*GOAL OF THE EXERCISE:* Once every line in the data that follows has been checked for the word "color", give only the number of lines that hold it.

*SUPPLIED DATA:*
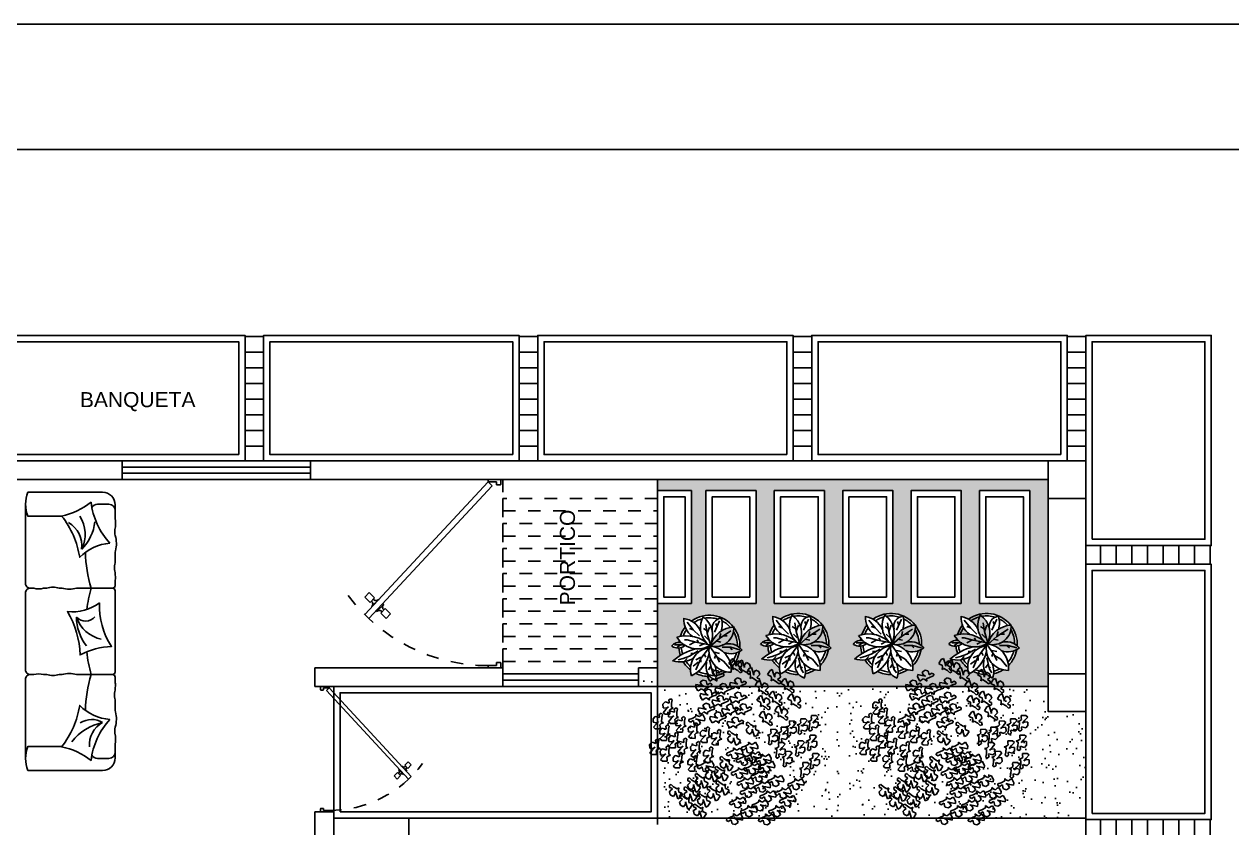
# Model space of a CAD drawing. Header units: inches. Extents: x -370 to 18, y -197 to 199.
# Drawn here: x -29.81 to -20.18, y 43.06 to 49.47 of the extents above; entities that cross this region are included whole.
import ezdxf

# ---------------------------------------------------------------- set-up
doc = ezdxf.new("R2010")
doc.units = ezdxf.units.IN
doc.header["$MEASUREMENT"] = 0
doc.linetypes.add('RAYITAS', pattern=[0.375, 0.25, -0.125])
for name, color, linetype in [('artefactos', 1, 'Continuous'), ('aux2', 194, 'Continuous'), ('MUEBLES', 7, 'Continuous')]:
    doc.layers.add(name, color=color, linetype=linetype)
doc.styles.get("Standard").update_dxf_attribs({"font": 'arial.ttf'})

# ---------------------------------------------------------------- blocks, each defined once
blk = doc.blocks.new('mueble 3')
at = {"layer": 'artefactos', "color": 1}
for p, q in [((-0.6187, 0), (-0.5569, 0)), ((-0.3242, 0), (0.3242, 0)), ((0.6187, 0), (0.5569, 0)), ((0.6187, 0), (0.5569, 0)), ((0.9636, 0), (0.9162, 0)), ((-1.0136, -0.1422), (-1.0136, -0.05)), ((-1.0136, -0.1422), (-1.0136, -0.05)), ((-0.9636, 0), (-0.9162, 0)), ((-0.4595, 0), (-0.4618, 0)), ((-0.395, 0), (-0.3643, 0)), ((-0.3443, -0.02), (-0.3443, -0.3087)), ((-0.3443, -0.02), (-0.3443, -0.3087)), ((0.3442, -0.1913), (0.3442, -0.02)), ((0.395, 0), (0.3643, 0)), ((0.395, 0), (0.3643, 0)), ((0.4618, 0), (0.4595, 0)), ((0.4595, 0), (0.4618, 0)), ((0.9636, 0), (0.9162, 0)), ((1.0136, -0.1422), (1.0136, -0.05)), ((-0.3443, -0.4238), (-0.3443, -0.4471)), ((-0.3443, -0.4238), (-0.3443, -0.4471)), ((-0.3443, -0.5463), (-0.3443, -0.572)), ((-0.3443, -0.5463), (-0.3443, -0.572)), ((-0.3443, -0.6482), (-0.3443, -0.6768)), ((-0.3443, -0.6482), (-0.3443, -0.6768)), ((-1.0136, -0.715), (-0.918, -0.715)), ((1.0136, -0.715), (0.918, -0.715))]:
    blk.add_line(p, q, dxfattribs=at)
for points in [[(-0.918, -0.426), (-0.918, -0.6959, -0.2), (-1.1093, -0.6959), (-1.1093, -0.1, -0.414214), (-1.0092, 0), (-0.9636, 0)], [(0.918, -0.426), (0.918, -0.6959, 0.2), (1.1092, -0.6959), (1.1092, -0.1, 0.414214), (1.0092, 0), (0.9636, 0)], [(0.3442, -0.6482), (0.3442, -0.6768, -0.414214), (0.306, -0.715), (-0.306, -0.715, -0.414214), (-0.3443, -0.6768)], [(-0.918, -0.715), (-0.3825, -0.715, 0.414214), (-0.3443, -0.6768, 0.414214)], [(0.918, -0.715), (0.3825, -0.715, -0.414214), (0.3442, -0.6768, -0.414214)]]:
    blk.add_lwpolyline(points, format="xyb", dxfattribs=at)
for points in [[(-0.7024, -0.0415, 0.188011), (-0.5904, -0.2829, 0.130529), (-0.9197, -0.4274, 0.110936), (-1.0299, -0.1917, 0.162859)], [(-0.227, -0.124, -0.188011), (-0.1576, -0.3809, -0.130529), (0.1875, -0.2799, -0.110936), (0.1204, -0.0286, -0.162859)], [(0.7024, -0.0415, -0.188011), (0.5904, -0.2829, -0.130529), (0.9197, -0.4274, -0.110936), (1.0299, -0.1917, -0.162859)]]:
    blk.add_lwpolyline(points, format="xyb", close=True, dxfattribs=at)
for points in [[(-0.3443, -0.1876), (-0.3443, -0.3087)], [(0.3442, -0.1876), (0.3442, -0.3087)], [(0.3442, -0.4238), (0.3442, -0.4471)], [(0.3442, -0.5463), (0.3442, -0.572)]]:
    blk.add_lwpolyline(points, dxfattribs=at)
for centre, radius, start, end in [((-0.9162, 0.1), 0.1, 270, 278.05582), ((-0.8651, -0.2613), 0.2649, 78.49498, 98.05582), ((-0.7923, 0.0963), 0.1, 258.49498, 286.18746), ((-0.6985, -0.2269), 0.2365, 76.27426, 106.18746), ((-0.6187, 0.1), 0.1, 256.27426, 270), ((-0.4618, 0.1), 0.1, 270, 278.30333), ((-0.4284, -0.1289), 0.1313, 81.69667, 98.30333), ((-0.395, 0.1), 0.1, 261.69667, 270), ((0.395, 0.1), 0.1, 270, 278.30333), ((0.4284, -0.1289), 0.1313, 81.69667, 98.30333), ((0.4618, 0.1), 0.1, 261.69667, 270), ((0.6187, 0.1), 0.1, 270, 283.72574), ((0.6985, -0.2269), 0.2365, 73.81254, 103.72574), ((0.7923, 0.0963), 0.1, 253.81254, 281.50502), ((0.8651, -0.2613), 0.2649, 81.94418, 101.50502), ((0.9162, 0.1), 0.1, 261.94418, 270), ((-0.9636, -0.05), 0.05, 90, 180), ((-0.5569, -0.1), 0.1, 78.15566, 90), ((-0.5082, 0.1321), 0.1372, 258.15566, 281.84434), ((-0.4595, -0.1), 0.1, 90, 101.84434), ((-0.3643, -0.02), 0.02, 0, 90), ((-0.3242, -0.02), 0.02, 90, 180), ((0.3242, -0.02), 0.02, 0, 90), ((0.3643, -0.02), 0.02, 90, 180), ((0.4595, -0.1), 0.1, 78.15566, 90), ((0.5082, 0.1321), 0.1372, 258.15566, 281.84434), ((0.5569, -0.1), 0.1, 90, 101.84434), ((0.9636, -0.05), 0.05, 0, 90), ((-0.9636, -0.1422), 0.05, 180, 240.31701), ((-0.9145, -0.5265), 0.367, 44.93442, 83.65551), ((-0.6593, 0.8536), 1.0913, 271.50253, 286.77711), ((0, 1.0611), 1.2988, 254.63042, 262.29637), ((-0.1808, -0.2362), 0.0985, 312.64649, 49.46411), ((-0.1998, -0.0535), 0.2691, 288.57332, 347.72271), ((0, 1.0611), 1.2988, 277.22022, 285.36958), ((0.6593, 0.8536), 1.0913, 253.22289, 268.49747), ((0.8704, -0.1874), 0.1677, 148.69151, 212.72432), ((1.1395, -0.0145), 0.4212, 191.75458, 231.93116), ((0.902, -0.0074), 0.198, 207.95491, 275.63863), ((0.9636, -0.1422), 0.05, 299.68299, 0), ((-0.7745, -0.5083), 0.2691, 63.57332, 122.72271), ((-0.681, -0.4832), 0.2175, 83.0467, 149.66841), ((-0.1137, 0.0584), 0.367, 269.93442, 308.65551), ((-0.5345, -0.3662), 0.1988, 343.16563, 16.83437), ((0.5345, -0.3662), 0.1988, 163.16563, 196.83437), ((-0.1925, -0.4967), 0.1597, 161.89712, 198.10288), ((0.1925, -0.4967), 0.1597, 341.89712, 18.10288), ((-0.4822, -0.6101), 0.1431, 344.55144, 15.44856), ((0.4822, -0.6101), 0.1431, 164.55144, 195.44856)]:
    blk.add_arc(centre, radius, start, end, dxfattribs=at)
blk = doc.blocks.new('arbol 1')
at = {"layer": 'artefactos', "color": 116, "true_color": 0x136734}
for radius, start, end in [(0.61, 94.0019, 108.264), (0.56, 93.3784, 107.1305), (0.61, 79.8796, 83.6062), (0.61, 52.3459, 72.1552), (0.61, 121.3306, 141.8442), (0.56, 120.9025, 138.0337), (0.56, 54.9472, 69.5479), (0.61, 307.7678, 35.985), (0.56, 14.5729, 33.9936), (0.61, 153.5986, 180.9125), (0.56, 156.2376, 177.0937), (0.56, 342.2632, 9.842), (0.61, 193.1106, 212.3931), (0.56, 194.5759, 207.9941), (0.56, 310.9431, 333.6596), (0.61, 225.4259, 259.3549), (0.56, 229.2608, 255.8214), (0.61, 266.5434, 307.2408), (0.56, 269.812, 300.7838)]:
    blk.add_arc((0.68, 0.655), radius, start, end, dxfattribs=at)
at = {"layer": 'aux2', "color": 116, "true_color": 0x136734}
for p, q in [((0.428, 1.175), (0.403, 1.275)), ((0.703, 1.225), (0.653, 1.3)), ((0.703, 1.15), (0.703, 1.35)), ((0.353, 0.875), (0.278, 0.975)), ((0.428, 1.1), (0.378, 1.15)), ((0.478, 1.05), (0.428, 1.175)), ((0.578, 0.875), (0.478, 1.05)), ((0.528, 0.975), (0.528, 1.025)), ((0.753, 0.95), (0.703, 1.05)), ((0.753, 0.925), (0.803, 1.1)), ((0.803, 1.1), (0.803, 1.15)), ((0.878, 0.85), (1.003, 0.975)), ((1.003, 0.975), (1.153, 1.1)), ((1.003, 0.975), (1.028, 1.05)), ((0.428, 0.825), (0.203, 0.925)), ((0.403, 0.825), (0.353, 0.825)), ((0.453, 0.825), (0.403, 0.925)), ((0.628, 0.675), (0.428, 0.825)), ((0.503, 0.75), (0.453, 0.725)), ((0.728, 0.75), (0.678, 0.85)), ((0.703, 0.65), (0.753, 0.925)), ((0.753, 0.875), (0.803, 0.9)), ((0.803, 0.675), (0.878, 0.75)), ((0.928, 0.7), (1.103, 0.725)), ((0.978, 0.7), (1.028, 0.775)), ((0.178, 0.6), (0.103, 0.55)), ((0.403, 0.65), (0.178, 0.6)), ((0.278, 0.625), (0.203, 0.675)), ((0.228, 0.625), (0.203, 0.575)), ((0.453, 0.5), (0.353, 0.45)), ((0.378, 0.375), (0.453, 0.5)), ((0.503, 0.525), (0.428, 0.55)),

*PROBLEM SOLUTION:* 5